I am sorry to interrupt the member but we are moving to statements by members.

Mélanie Bérubé
Statements by Members

2 p.m.

Liberal

Raymonde Folco Laval—Les Îles, QC

Mr. Speaker, I want to congratulate Mélanie Bérubé, a clinical nurse specialist, who won the Florence 2005-Relève award. This is the highest award of the Ordre des infirmières et infirmiers du Québec.

Ms. Bérubé, who lives in Sainte-Dorothée, in the riding of Laval—Les Îles, has made an outstanding contribution to the development and implementation of continuous quality improvement initiatives. She has worked in the intensive care unit at the Jewish General Hospital in Montreal for the past five years and also teaches at the Université de Montréal, specializing in intensive care.

Ms.
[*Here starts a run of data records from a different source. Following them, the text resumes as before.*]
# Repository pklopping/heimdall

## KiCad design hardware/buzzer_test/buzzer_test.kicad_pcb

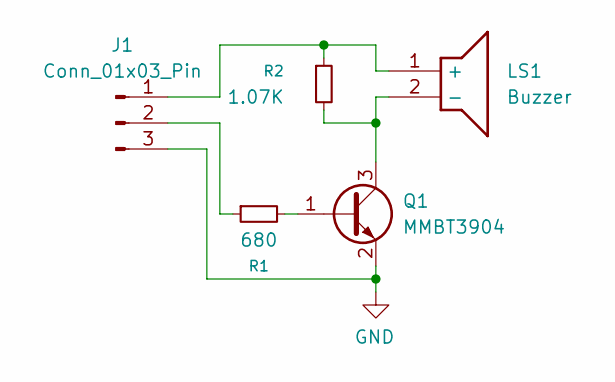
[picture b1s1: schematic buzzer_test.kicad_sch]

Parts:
J1: Conn_01x03_Pin; PinHeader_1x03_P2.54mm_Vertical
LS1: Buzzer; CMT1075SMTTR; Mouser Part Number 490-CMT-1075-SMT-TR
Q1: MMBT3904; SOT-23
R1: 680; R_0805_2012Metric
R2: 1.07K; R_0805_2012Metric

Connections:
GND: J1.3, Q1.2 (E)
unnamed: J1.1, LS1.1 (+), R2.1
unnamed: J1.2, R1.1
unnamed: LS1.2 (-), Q1.3 (C), R2.2
unnamed: Q1.1 (B), R1.2

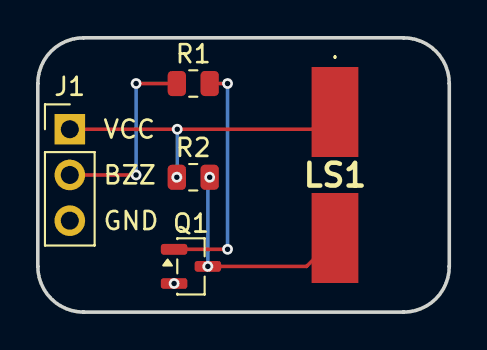
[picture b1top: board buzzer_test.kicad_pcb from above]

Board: 2 copper layers, 22.9 x 15.2 mm, 5 parts (0 on the bottom side), 5 nets.

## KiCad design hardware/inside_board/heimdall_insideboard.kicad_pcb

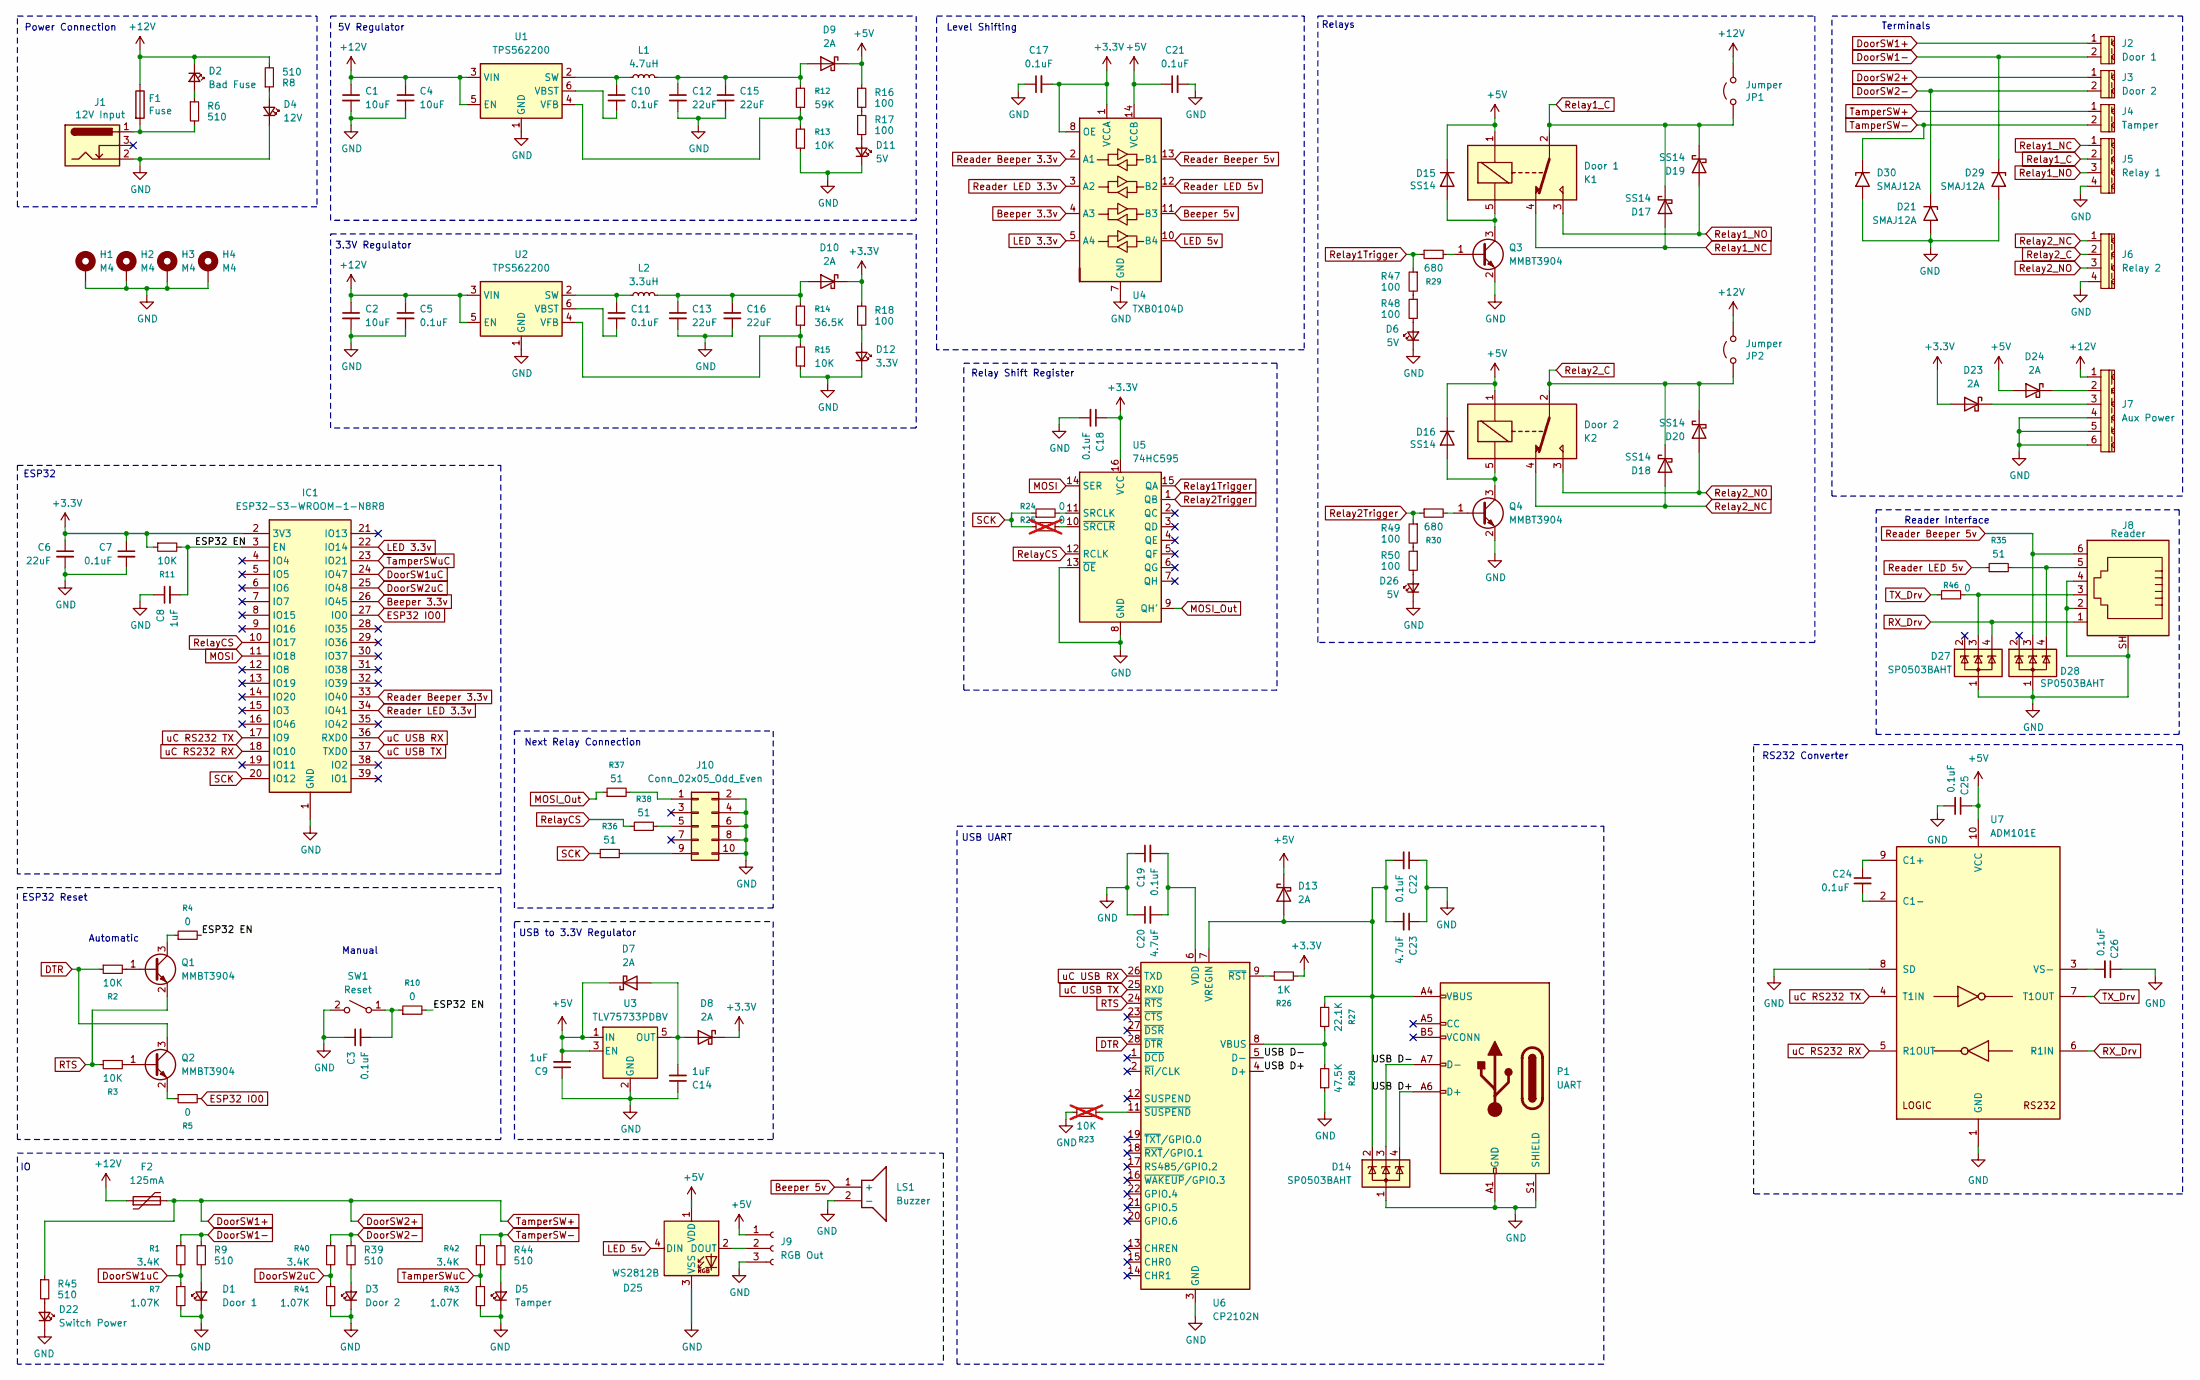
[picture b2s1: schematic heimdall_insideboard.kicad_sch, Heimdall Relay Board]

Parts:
C1, C2, C4: 10uF; C_0805_2012Metric
C3, C5, C7, C10, C11, C17, C18, C19, C21, C22, C24, C25, C26: 0.1uF; C_0805_2012Metric
C6, C12, C13, C15, C16: 22uF; C_0805_2012Metric
C8, C9, C14: 1uF; C_0805_2012Metric
C20, C23: 4.7uF; C_0805_2012Metric
D1: Door 1; LED_0805_2012Metric
D2: Bad Fuse; LED_0805_2012Metric
D3: Door 2; LED_0805_2012Metric
D4: 12V; LED_0805_2012Metric
D5: Tamper; LED_0805_2012Metric
D6, D11, D26: 5V; LED_0805_2012Metric
D7, D8, D9, D10, D13, D23, D24: 2A; D_SMB
D12: 3.3V; LED_0805_2012Metric
D14, D27, D28: SP0503BAHT; SOT-143
D15, D16, D17, D18, D19, D20: SS14; D_SMA
D21, D29, D30: SMAJ12A; D_SMA
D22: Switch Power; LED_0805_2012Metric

Bérubé is devoted to people and advocates greater recognition for nurses.

Without a doubt, Ms. Bérubé sets an example and is a role model for the next generation.

Once again, congratulations to Mélanie Bérubé.

Conservative Party of Canada
Statements by Members

June 2nd, 2005 / 2 p.m.

Conservative

Jim Abbott Kootenay—Columbia, BC

Mr. Speaker, the Conservative Party works for Canadian unity. Conservatives believe our nation's strength is in our diversity.

Conservatives celebrate and work side by side with atheists, agnostics, Muslims, Buddhists, Protestant and Catholic Christians, Mormons, Hindus and those who practise native religions. Canada's might is found in new Canadians and established families who centre their lives on eternal values.

We recognize that government involves moral and ethical challenges. Canadians do not expect MPs to check their religious beliefs at the caucus door because governing is not done in a vacuum of values. We welcome MPs who bring their world view to the table when we discuss economics, a city agenda or world trade.

Liberals consistently conjure fear of Canadians who hold religious values but Canadians are becoming tired of the Liberals' fearmongering and are looking to a party that celebrates strength. I am proud to be a Conservative because the Conservative Party works for Canadian unity.

Aboriginal Affairs
Statements by Members

2 p.m.

Liberal

Anita Neville Winnipeg South Centre, MB

Mr. Speaker, May 31 was a historic day for relations between the Government of Canada and Canada's first nations, Inuit and Métis.

Cabinet ministers and the leaders of five national organizations participated in a policy retreat which marked a new way of doing business, a new partnership based on respect and coexistence.

The signing of a joint accord with each of these organizations underlines the commitment of all parties to move forward together on policy priorities that have been jointly set from the ground up.

I believe this partnership is an achievement that is in the interest of all Canadians. It helps ensure an inclusive approach where real progress can be made in closing the socio-economic gap between aboriginal and non-aboriginal Canadians.

The policy retreat has resulted in strengthened relations and has put us well on our way to achieving concrete results.